By being actively engaged in the formulation of strategy, boards will typically already have some involvement in considering possible acquisitions, since all acquisitions should be consistent with a company’s strategy.

The extent of the board’s involvement in a proposed transaction (for example, questions of disclosure, financing, pricing, structuring, and due diligence) will vary depending on the size of the acquisition and the risks that it may pose. If a very large company regularly buys small companies in its industry and has already developed a process for finding, acquiring, and integrating these small transactions, boards don’t have to focus on the details of any particular transaction. They can and should, however, periodically review the entire merger process, from strategy to integration, in the context of strategy opportunities, attendant risks, and operational implications, to make sure that the process is working.

Sell Strategy

Selling is a big decision, whether or not a company is private or public. Back during World War II, my dad founded a research company, which he sold after twenty years for one million dollars—in paper. The disastrous experience forced him to launch the publication, Mergers & Acquisitions, in 1964—and it’s still going strong. For public companies, the negotiation is even more critical, involving not only an entrepreneur’s wealth, but a host of fiduciary and disclosure considerations.

The board of directors of a public company being acquired via a tender offer must be mindful of its fiduciary responsibilities under state corporate law. Traditionally under state law, as represented by Delaware law and the Model Business Corporation Act, the directors’ fiduciary duty is to shareholders. In the landmark case of Revlon Inc. vs. MacAndrews & Forbes Holdings, Inc. (1986), the court described the role of the board of directors as that of a price-oriented “neutral auctioneer” once a decision has been made to sell the company.
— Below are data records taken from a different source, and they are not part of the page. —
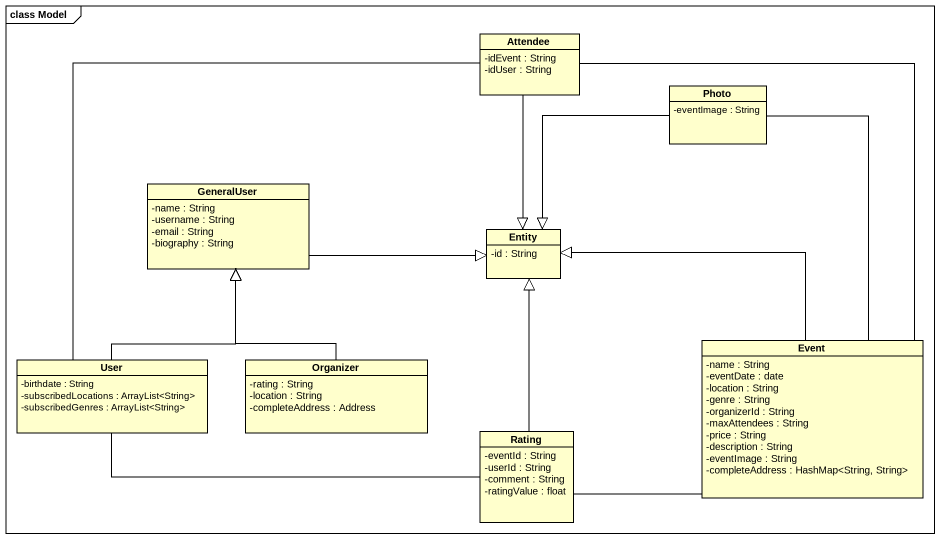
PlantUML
@startuml
mainframe class Model
hide circle
hide empty members
skinparam classAttributeIconSize 0
class Attendee {
  -idEvent : String
  -idUser : String
}
class Photo {
  -eventImage : String
}
class GeneralUser {
  -name : String
  -username : String
  -email : String
  -biography : String
}
class "Entity" as Entity_ {
  -id : String
}
class User {
  -birthdate : String
  -subscribedLocations : ArrayList<String>
  -subscribedGenres : ArrayList<String>
}
class Organizer {
  -rating : String
  -location : String
  -completeAddress : Address
}
class Event {
  -name : String
  -eventDate : date
  -location : String
  -genre : String
  -organizerId : String
  -maxAttendees : String
  -price : String
  -description : String
  -eventImage : String
  -completeAddress : HashMap<String, String>
}
class Rating {
  -eventId : String
  -userId : String
  -comment : String
  -ratingValue : float
}
Attendee --|> Entity_
Attendee -- User
Attendee -- Event
Photo --|> Entity_
Photo -- Event
GeneralUser -right-|> Entity_
User -up-|> GeneralUser
Organizer -up-|> GeneralUser
Event -left-|> Entity_
Rating -up-|> Entity_
Rating -left- User
Rating -right- Event
@enduml

Whether buying or selling, don’t let M&A transactions trigger micromanaging on the part of the board. Directors can help management achieve greater effectiveness. Individual board members may have expertise in various phases along the M&A route, and can help improve the process. Management would be wise to take full advantage of this expertise on an as-needed basis. Major transactions merit formation of an independent committee of the board to analyze the value of the transaction with the help of an independent third party, who can render a fair opinion. But don’t leave valuation up to the experts; boards can take an active role in determining the value of the company they are buying or selling. A great source for that knowledge is the Report of the NACD Blue Ribbon Commission on Performance Metrics, co-chaired by John Dillon and Bill White. Also, there are numerous good books on corporate valuation. (I know because I just coauthored one with Bob Monks and the worthy competition could well kill us!)